Created by @nathanedwards

at November 2nd 2023, 12:06:06 am.

AP_Calculus_AB-Questions

#average-value

#definite-integral

#ap-calculus-ab

AP Calculus AB Exam Question:

Let $f(x) = 2x^3 - 3x^2 + 4$ be a function defined on the closed interval $[0, 2]$ . The graph of $f(x)$ is shown below:

Graph of f(x)

a) Find the average value of $f(x)$ on the interval $[0, 2]$ .

b) Determine the x-coordinate(s) at which the average value of $f(x)$ on the interval $[0, x]$ is equal to 2.

Answer and Step-by-Step Explanation:

Part a)

To find the average value of $f(x)$ on the interval $[0, 2]$ , we need to evaluate the definite integral of $f(x)$ on this interval and divide the result by the width of the interval.

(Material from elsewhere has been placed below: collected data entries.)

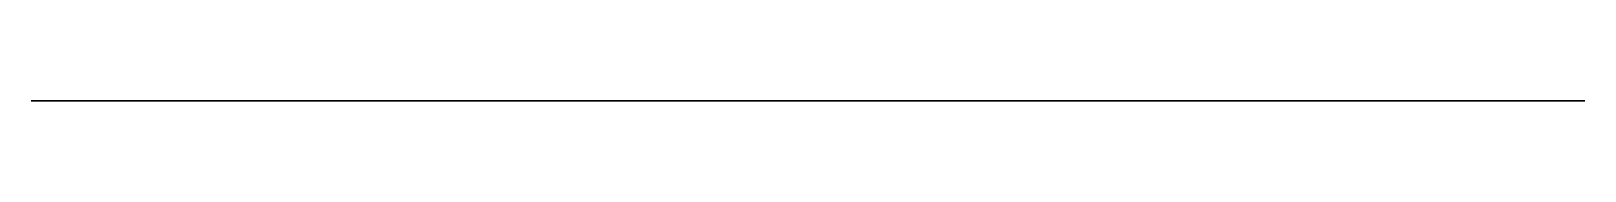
# Model space of a CAD drawing. Header units: millimetres. Extents: x 43.2 to 62, y 0 to 0.
import ezdxf

# ---------------------------------------------------------------- set-up
doc = ezdxf.new("R2010")
doc.units = ezdxf.units.MM
doc.layers.get('0').update_dxf_attribs({"color": 194, "true_color": 0x551cb1})

msp = doc.modelspace()

# ---------------------------------------------------------------- linework, layer by layer
at = {"color": 251, "true_color": 0x565656}
msp.add_polyline3d([(62.013, 0, 70.625), (62.013, 0, 18.29), (43.244, 0, 18.29), (43.244, 0, 45.195), (44.792, 0, 46.67), (44.792, 0, 90.863), (43.244, 0, 92.43), (43.244, 0, 123.513), (47.559, 0, 123.513), (47.649, 0, 123.221), (47.753, 0, 122.934), (47.87, 0, 122.653), (48, 0, 122.377), (48.142, 0, 122.108), (48.297, 0, 121.845), (48.464, 0, 121.59), (48.643, 0, 121.342), (48.834, 0, 121.103), (49.035, 0, 120.873), (49.246, 0, 120.654), (49.467, 0, 120.444), (49.698, 0, 120.245), (49.938, 0, 120.057), (50.186, 0, 119.88), (50.443, 0, 119.714), (50.766, 0, 119.529), (51.098, 0, 119.363), (51.439, 0, 119.217), (51.787, 0, 119.089), (52.014, 0, 119.022), (52.244, 0, 118.968), (52.477, 0, 118.927), (52.713, 0, 118.897), (53.189, 0, 118.863), (53.668, 0, 118.854), (54.205, 0, 118.854), (54.205, 0, 116.827), (54.724, 0, 116.827), (54.916, 0, 116.823), (55.012, 0, 116.816), (55.106, 0, 116.805), (55.198, 0, 116.787), (55.243, 0, 116.776), (55.288, 0, 116.764), (55.331, 0, 116.749), (55.374, 0, 116.732), (55.416, 0, 116.713), (55.457, 0, 116.691), (55.498, 0, 116.668), (55.538, 0, 116.642), (55.577, 0, 116.615), (55.615, 0, 116.587), (55.652, 0, 116.557), (55.687, 0, 116.526), (55.722, 0, 116.494), (55.755, 0, 116.46), (55.787, 0, 116.425), (55.818, 0, 116.389), (55.848, 0, 116.352), (55.876, 0, 116.313), (55.902, 0, 116.273), (55.928, 0, 116.232), (55.951, 0, 116.19), (55.974, 0, 116.147), (56.004, 0, 116.081), (56.03, 0, 116.013), (56.053, 0, 115.944), (56.071, 0, 115.874), (56.085, 0, 115.804), (56.095, 0, 115.733), (56.101, 0, 115.662), (56.103, 0, 115.59), (56.101, 0, 115.518), (56.095, 0, 115.447), (56.085, 0, 115.376), (56.071, 0, 115.306), (56.053, 0, 115.236), (56.03, 0, 115.167), (56.004, 0, 115.099), (55.974, 0, 115.033), (55.951, 0, 114.99), (55.928, 0, 114.948), (55.902, 0, 114.907), (55.876, 0, 114.867), (55.848, 0, 114.828), (55.818, 0, 114.791), (55.787, 0, 114.755), (55.755, 0, 114.72), (55.722, 0, 114.686), (55.687, 0, 114.654), (55.652, 0, 114.623), (55.615, 0, 114.593), (55.577, 0, 114.565), (55.538, 0, 114.538), (55.498, 0, 114.512), (55.457, 0, 114.488), (55.424, 0, 114.471), (55.39, 0, 114.454), (55.355, 0, 114.439), (55.32, 0, 114.426), (55.284, 0, 114.413), (55.248, 0, 114.402), (55.175, 0, 114.384), (55.1, 0, 114.37), (55.024, 0, 114.36), (54.948, 0, 114.355), (54.871, 0, 114.353), (54.194, 0, 114.353), (54.194, 0, 112.174), (53.587, 0, 111.526), (53.023, 0, 110.842), (52.503, 0, 110.126), (52.029, 0, 109.38), (51.603, 0, 108.606), (51.225, 0, 107.807), (50.896, 0, 106.984), (50.619, 0, 106.139), (50.395, 0, 105.279), (50.226, 0, 104.409), (50.111, 0, 103.532), (50.051, 0, 102.651), (50.045, 0, 101.767), (50.095, 0, 100.884), (50.199, 0, 100.004), (50.359, 0, 99.13), (50.573, 0, 98.267), (50.839, 0, 97.422), (51.156, 0, 96.596), (51.524, 0, 95.793), (51.941, 0, 95.014), (52.406, 0, 94.261), (52.918, 0, 93.538), (53.476, 0, 92.846), (56.799, 0, 88.976), (57.979, 0, 87.617), (58.547, 0, 86.929), (59.072, 0, 86.23), (59.312, 0, 85.874), (59.532, 0, 85.514), (59.732, 0, 85.149), (59.907, 0, 84.779), (59.984, 0, 84.591), (60.055, 0, 84.402), (60.118, 0, 84.211), (60.173, 0, 84.018), (60.221, 0, 83.823), (60.26, 0, 83.627), (60.29, 0, 83.428), (60.311, 0, 83.228), (60.332, 0, 82.785), (60.322, 0, 82.345), (60.282, 0, 81.91), (60.213, 0, 81.48), (60.116, 0, 81.057), (59.991, 0, 80.643), (59.839, 0, 80.239), (59.661, 0, 79.846), (59.457, 0, 79.466), (59.229, 0, 79.1), (58.976, 0, 78.75), (58.7, 0, 78.416), (58.401, 0, 78.101), (58.08, 0, 77.807), (57.737, 0, 77.533), (57.374, 0, 77.282), (57.352, 0, 76.309), (58.083, 0, 76.309), (58.207, 0, 76.307), (58.33, 0, 76.299), (58.453, 0, 76.287), (58.574, 0, 76.271), (58.696, 0, 76.249), (58.816, 0, 76.224), (59.054, 0, 76.161), (59.288, 0, 76.082), (59.517, 0, 75.989), (59.741, 0, 75.883), (59.959, 0, 75.765), (60.169, 0, 75.636), (60.372, 0, 75.493), (60.566, 0, 75.338), (60.75, 0, 75.173), (60.925, 0, 74.996), (61.088, 0, 74.81), (61.241, 0, 74.614), (61.381, 0, 74.41), (61.442, 0, 74.311), (61.499, 0, 74.21), (61.552, 0, 74.107), (61.601, 0, 74.002), (61.689, 0, 73.787), (61.763, 0, 73.565), (61.825, 0, 73.337), (61.876, 0, 73.104), (61.917, 0, 72.867), (61.949, 0, 72.625), (61.99, 0, 72.132), (62.009, 0, 71.631)], close=True, dxfattribs=at)

doc.saveas('drawing.dxf')
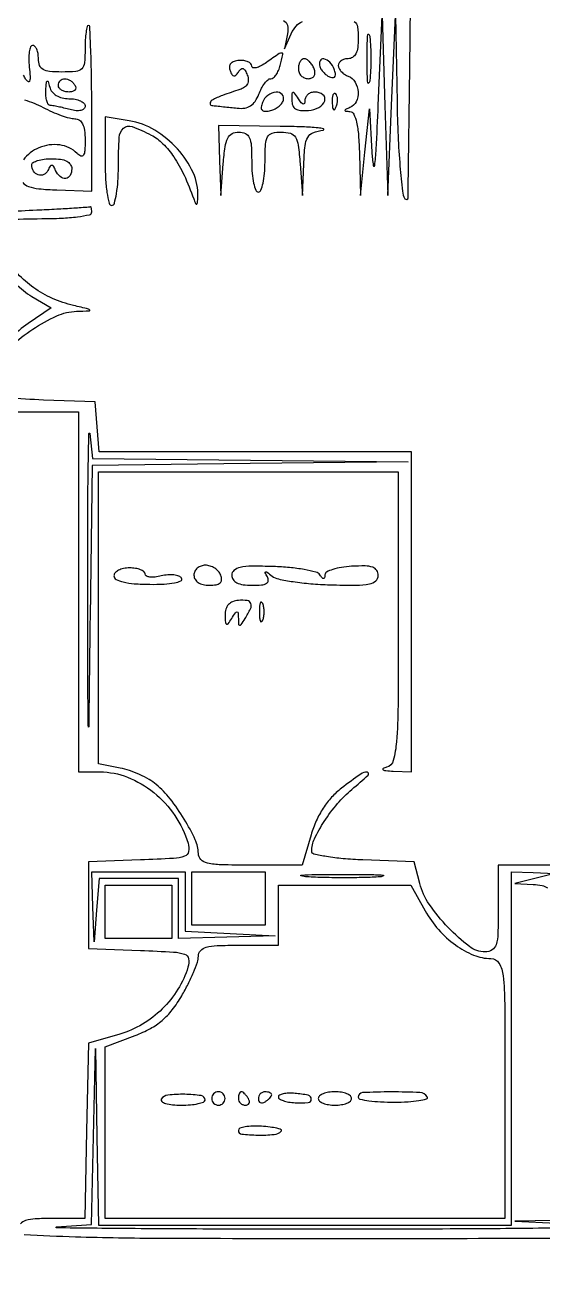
# Model space of a CAD drawing. Extents: x 23 to 255, y 40 to 184.
# Drawn here: x 193.99 to 200.56, y 54.71 to 70.64 of the extents above; entities that cross this region are included whole.
import ezdxf

# ---------------------------------------------------------------- set-up
doc = ezdxf.new("R2010")
doc.units = 0
doc.header["$MEASUREMENT"] = 0

msp = doc.modelspace()

# ---------------------------------------------------------------- linework, layer by layer
for points in [[(207.919475, 175.632891, 0.000007), (191.762556, 175.634099, 0.00002), (173.0434, 175.634494, 0.000013), (151.49745, 175.633531), (95.9364, 175.6296)], [(198.164698, 70.69045, -0.213345), (198.206701, 70.624294, -0.036343), (198.2178, 70.4718, -0.033607), (198.210274, 70.359952, -0.082504), (198.186075, 70.28145, -0.12651), (198.145802, 70.235097, -0.152103), (198.0909, 70.218, 0.066987), (198.042392, 70.211472, 0.083896), (198.001277, 70.192369, 0.099493), (197.973781, 70.164019, 0.143927), (197.964, 70.130745, 0.12413), (197.973324, 70.093766, 0.064334), (198.001277, 70.054816, 0.05786), (198.042369, 70.019907, 0.055615), (198.0909, 69.994794, -0.171907), (198.177354, 69.920949, -0.118112), (198.214349, 69.796197, -0.122448), (198.190323, 69.671632, -0.190519), (198.11205, 69.597229, 0.009076), (198.05623, 69.573518, 0.295955), (198.0486, 69.561756, 0.382689), (198.056773, 69.552642, 0.011437), (198.11205, 69.547879, -0.275158), (198.159961, 69.515094, -0.053192), (198.195151, 69.411474, -0.035598), (198.219869, 69.247859, -0.012791), (198.232402, 69.01245), (198.247004, 68.4837), (198.3024, 69.0336), (198.357796, 69.5835), (198.389787, 69.0336, 0.022524), (198.407667, 68.860868, 0.86656), (198.425753, 68.860967, 0.021703), (198.445434, 69.069983, 0.001722), (198.4716, 69.6258), (198.521423, 70.7679), (198.5562, 69.6258), (198.590977, 68.4837), (198.6408, 69.6258), (198.690623, 70.7679), (198.709307, 69.6681, 0.006742), (198.722431, 69.237544, 0.009487), (198.746593, 68.854089, 0.006208), (198.776745, 68.53534, 0.117284), (198.81, 68.4414, 0.742021), (198.849228, 68.452667, 0.000503), (198.871331, 70.107982, 0.002229), (198.887912, 72.20961, 0.000811)], [(193.956823, 68.644974, 0.120303), (194.031557, 68.595828, 0.062493), (194.162491, 68.566901, 0.014042), (194.390797, 68.552149), (194.8338, 68.535999), (194.8338, 69.588499, 0.003767), (194.83076, 69.992076, 0.006276), (194.821374, 70.331828, 0.001578), (194.808682, 70.624598, 0.400664), (194.7915, 70.641, 0.353005), (194.774828, 70.627554, 0.017877), (194.761626, 70.554021, 0.022059), (194.752247, 70.458418, 0.013419), (194.7492, 70.3449, -0.021868), (194.741324, 70.164904, -0.176278), (194.7069, 70.0911, -0.176278), (194.633096, 70.056676, -0.021868), (194.4531, 70.0488, -0.022514), (194.298766, 70.055753, -0.10769), (194.215163, 70.082036, -0.177212), (194.171999, 70.133192, -0.087745), (194.157, 70.218, 0.041518), (194.151612, 70.282781, 0.061035), (194.135409, 70.337497, 0.080225), (194.11161, 70.374633, 0.213343), (194.083497, 70.3872, 0.311214), (194.057146, 70.369039, 0.052127), (194.040505, 70.306433, 0.04143), (194.034029, 70.217639, 0.025003), (194.040359, 70.11225, -0.011698), (194.050839, 69.991534, -0.087192), (194.044501, 69.934539, -0.495281), (194.024762, 69.926965, -0.113064), (193.994789, 69.956528, -0.060137), (193.96893, 70.010477, -0.046746)], [(197.269547, 70.700744, -0.252138), (197.318361, 70.642819, -0.099596), (197.319193, 70.53525), (197.282427, 70.3449), (197.366687, 70.53525, -0.074641), (197.428265, 70.632227, -0.117922), (197.507995, 70.689302, -0.077796)], [(193.97812, 69.694687, -0.026354), (194.100865, 69.653502, -0.027875), (194.216249, 69.600283, 0.01795), (194.329525, 69.545285, 0.018181), (194.445976, 69.498807, 0.018306), (194.549991, 69.465857, 0.067646), (194.618099, 69.4566, -0.147062), (194.676427, 69.439065, -0.134745), (194.717808, 69.391776, -0.083488), (194.741923, 69.309278, -0.029459), (194.7492, 69.18588, -0.01365), (194.745478, 69.04955, -0.122057), (194.72805, 68.99271, -0.380202), (194.69666, 68.982871, -0.090869), (194.64768, 69.01668, 0.167163), (194.42921, 69.12333, 0.127892), (194.163826, 69.088221, 0.140295), (193.965725, 68.932976, 0.207269)], [(193.739687, 68.176513, -0.01206), (194.1993, 68.1876, 0.011522), (194.451199, 68.193406, 0.02162), (194.654025, 68.21157, 0.018508), (194.805641, 68.237528, 0.354925), (194.8338, 68.2722, 0.02369), (194.832316, 68.303503, 0.052194), (194.827587, 68.326948, 0.107412), (194.820657, 68.339126, 0.398609), (194.81265, 68.339775, -0.152809), (194.793918, 68.332412, -0.000893), (194.605116, 68.319281, -0.003635), (194.388708, 68.306197, -0.002291), (194.13585, 68.293916, 0.0059), (193.74407, 68.272052, 0.059163)], [(193.811198, 66.569163, -0.040869), (194.084438, 66.784546, -0.040884), (194.389738, 66.95297, -0.09667), (194.641636, 67.01186, 0.00191), (194.802188, 67.018404, 0.548718), (194.807764, 67.028085, 0.216254), (194.792652, 67.039902, 0.001109), (194.603269, 67.085341, -0.045341), (194.334228, 67.17566, -0.05088), (194.096784, 67.310408, -0.051721), (193.89466, 67.488114, -0.049715)], [(193.867776, 67.364926, 0.069951), (194.074758, 67.19985), (194.318492, 67.055873), (194.027164, 66.85791, 0.053248), (193.805381, 66.669873, 0.054803)], [(201.167661, 59.9814), (199.9944, 59.9814), (199.9944, 59.4315, -0.007509), (199.9896, 59.11192, -0.066039), (199.966851, 58.972653, -0.182536), (199.916209, 58.906711, -0.139595), (199.82802, 58.8816, -0.165198), (199.627507, 58.949708, -0.03812), (199.35807, 59.191356, -0.039806), (199.11767, 59.486251, -0.088147), (198.9975, 59.749291), (198.926644, 60.0237), (198.276122, 60.048409, -0.011931), (198.023607, 60.064041, -0.02044), (197.814285, 60.090675, -0.015906), (197.653493, 60.123144, -0.348048), (197.6256, 60.15836, -0.11254), (197.661663, 60.316551, -0.03209), (197.785945, 60.537475, -0.032218), (197.953795, 60.762443, -0.041492), (198.136652, 60.944223, 0.0104), (198.342879, 61.125209, 0.647275), (198.331327, 61.16016, 0.182431), (198.247925, 61.138131, 0.008119), (198.003547, 60.957936, 0.044988), (197.878824, 60.843705, 0.04045), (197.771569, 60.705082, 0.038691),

The average value of $f(x)$ on $[0, 2]$ is given by:

\frac{1}{2 - 0} \int_0^2 f(x) \,dx

Now, we can find the integral of $f(x)$ by taking the antiderivative of each term individually:

\int_0^2 2x^3 \,dx = \left[\frac{2}{4}x^4\right]_0^2 = \frac{1}{2} \cdot 2^4 - \frac{1}{2} \cdot 0^4 = \frac{16}{2} = 8

\int_0^2 -3x^2 \,dx = \left[-x^3\right]_0^2 = -2^3 - (-0^3) = -8 - 0 = -8

\int_0^2 4 \,dx = \left[4x\right]_0^2 = 4 \cdot 2 - 4 \cdot 0 = 8 - 0 = 8

Now, we add up these integrals to get the overall integral:

\int_0^2 f(x) \,dx = \int_0^2 (2x^3 - 3x^2 + 4) \,dx = 8 + (-8) + 8 = 8

Finally, we divide this by the width of the interval (2 - 0 = 2):

\frac{1}{2 - 0} \int_0^2 f(x) \,dx = \frac{1}{2} \cdot 8 = \boxed{4}

Therefore, the average value of the function $f(x) = 2x^3 - 3x^2 + 4$ on the interval $[0, 2]$ is 4.

Part b)

To determine the x-coordinate(s) at which the average value of $f(x)$ on the interval $[0, x]$ is equal to 2, we need to find the value(s) of $x$ that satisfy the following equation:

\frac{1}{x - 0} \int_0^x f(x) \,dx = 2

We already know that the integral of $f(x)$ on the interval $[0, x]$ is given by:

\int_0^x f(x) \,dx = \int_0^x (2x^3 - 3x^2 + 4) \,dx

To evaluate this integral, we perform similar steps as in Part a):

\int_0^x 2x^3 \,dx = \left[\frac{2}{4}x^4\right]_0^x = \frac{1}{2} x^4 - \frac{1}{2} \cdot 0^4 = \frac{1}{2}x^4

\int_0^x -3x^2 \,dx = \left[-x^3\right]_0^x = - x^3 - (- 0^3) = -x^3

\int_0^x 4 \,dx = \left[4x\right]_0^x = 4x - 4 \cdot 0 = 4x

Now, we add up these integrals:

\int_0^x f(x) \,dx = \int_0^x (2x^3 - 3x^2 + 4) \,dx = \frac{1}{2}x^4 - x^3 + 4x

Substituting this back into the equation $\frac{1}{x - 0} \int_0^x f(x) \,dx = 2$ :

\frac{1}{x} \left(\frac{1}{2}x^4 - x^3 + 4x\right) = 2

Simplifying:

\frac{1}{2}x^3 - x^2 + 4 = 2x

Rearranging to get a quadratic equation:

\frac{1}{2}x^3 - x^2 + 2x - 4 = 0

Solving this equation for $x$ using numerical methods or factoring techniques, we find that the solutions are approximately $x \approx -0.618$ , $x \approx 2.618$ , and $x \approx 3.193$ .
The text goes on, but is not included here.